Central to the drive to make the blasphemy laws tantamount to an article of faith is a gradual “Talibanisation of society”, with growing influence of hard-line Islamism. A confidential report from a human rights activists’ group sent to Aid to the Church in Need described how “Christians are living under a grave threat of extremism through waves of religious intolerance and violence.” It highlighted increasing trends towards forced conversion of Christian women – including rape of underage girls – who are compelled to marry Muslim men. Similarly, reports indicate the rise of discrimination in the workplace, where again pressure to convert is commonplace. With Christians expected only to do menial jobs such as cleaning and working in brick kilns and other factories, daily discrimination has been reported with Christians regularly called “Chuhra” – filthy creature. Much of this intolerance is inculcated at an early age.
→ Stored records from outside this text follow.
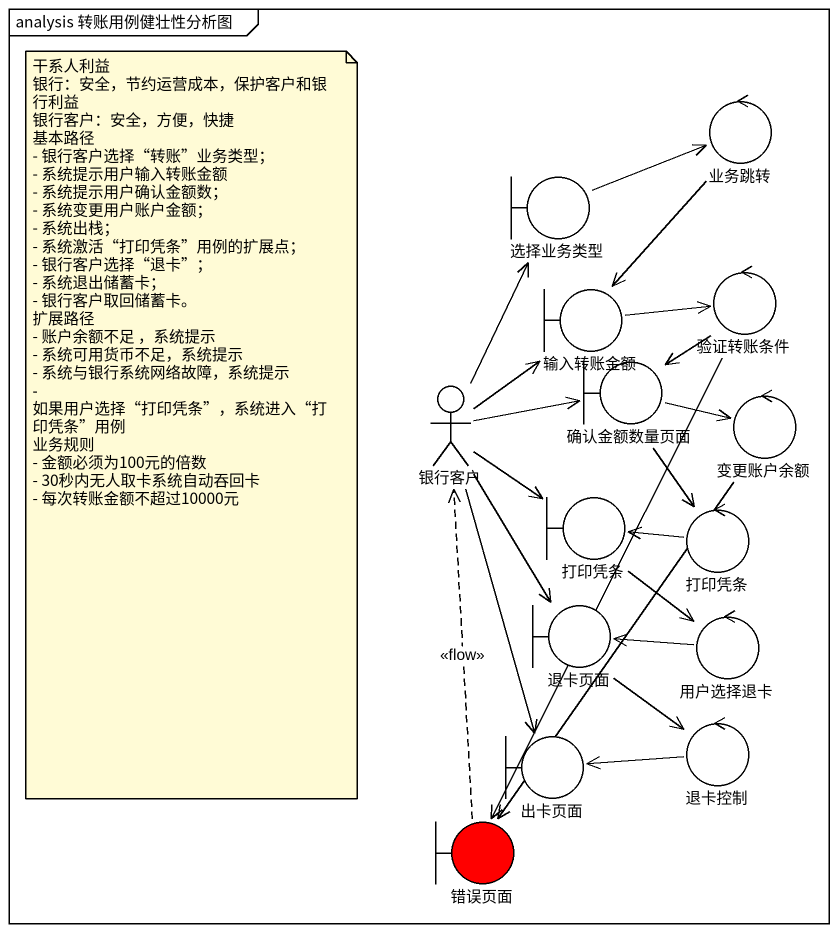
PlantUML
@startuml
mainframe analysis 转账用例健壮性分析图
control 业务跳转
boundary 选择业务类型
boundary 输入转账金额
control 验证转账条件
actor 银行客户
boundary 确认金额数量页面
control 变更账户余额
boundary 打印凭条
control "打印凭条" as 打印凭条_2
boundary 退卡页面
control 用户选择退卡
boundary 出卡页面
control 退卡控制
boundary 错误页面 #FF0000
业务跳转 --> 输入转账金额
选择业务类型 -right-> 业务跳转
输入转账金额 -right-> 验证转账条件
验证转账条件 --> 确认金额数量页面
验证转账条件 --> 错误页面
银行客户 -up-> 选择业务类型
银行客户 -up-> 输入转账金额
银行客户 -right-> 确认金额数量页面
银行客户 --> 打印凭条
银行客户 --> 退卡页面
银行客户 --> 出卡页面
确认金额数量页面 -right-> 变更账户余额
确认金额数量页面 --> 打印凭条_2
变更账户余额 --> 错误页面
打印凭条 --> 用户选择退卡
打印凭条_2 -left-> 打印凭条
退卡页面 --> 退卡控制
用户选择退卡 -left-> 退卡页面
退卡控制 -left-> 出卡页面
错误页面 .up.> 银行客户 : <<flow>>
note as N1
  干系人利益
  银行：安全，节约运营成本，保护客户和银行利益
  银行客户：安全，方便，快捷
  基本路径
  - 银行客户选择“转账”业务类型；
  - 系统提示用户输入转账金额
  - 系统提示用户确认金额数；
  - 系统变更用户账户金额；
  - 系统出栈；
  - 系统激活“打印凭条”用例的扩展点；
  - 银行客户选择“退卡”；
  - 系统退出储蓄卡；
  - 银行客户取回储蓄卡。
  扩展路径
  - 账户余额不足 ，系统提示
  - 系统可用货币不足，系统提示
  - 系统与银行系统网络故障，系统提示
  - 如果用户选择“打印凭条”，系统进入“打印凭条”用例
  业务规则
  - 金额必须为100元的倍数
  - 30秒内无人取卡系统自动吞回卡
  - 每次转账金额不超过10000元
end note
@enduml

Dismissive attitudes to Christians are, reportedly, deeply entrenched in many of the Madrassas and other Islamic educational institutes whose numbers run into the tens of thousands if not more. Efforts to curb the influence of supposedly banned Pakistani Taliban and other groups are undermined by their evident pervasiveness. In state education too, the presence of religious intolerance is deeply felt, with reports indicating that school text books in Sindh, Punjab and elsewhere inculcate religious hatred towards Christians and other minorities. In such circumstances, massive changes in societal attitudes and government policy will be required before the situation for Christians improves.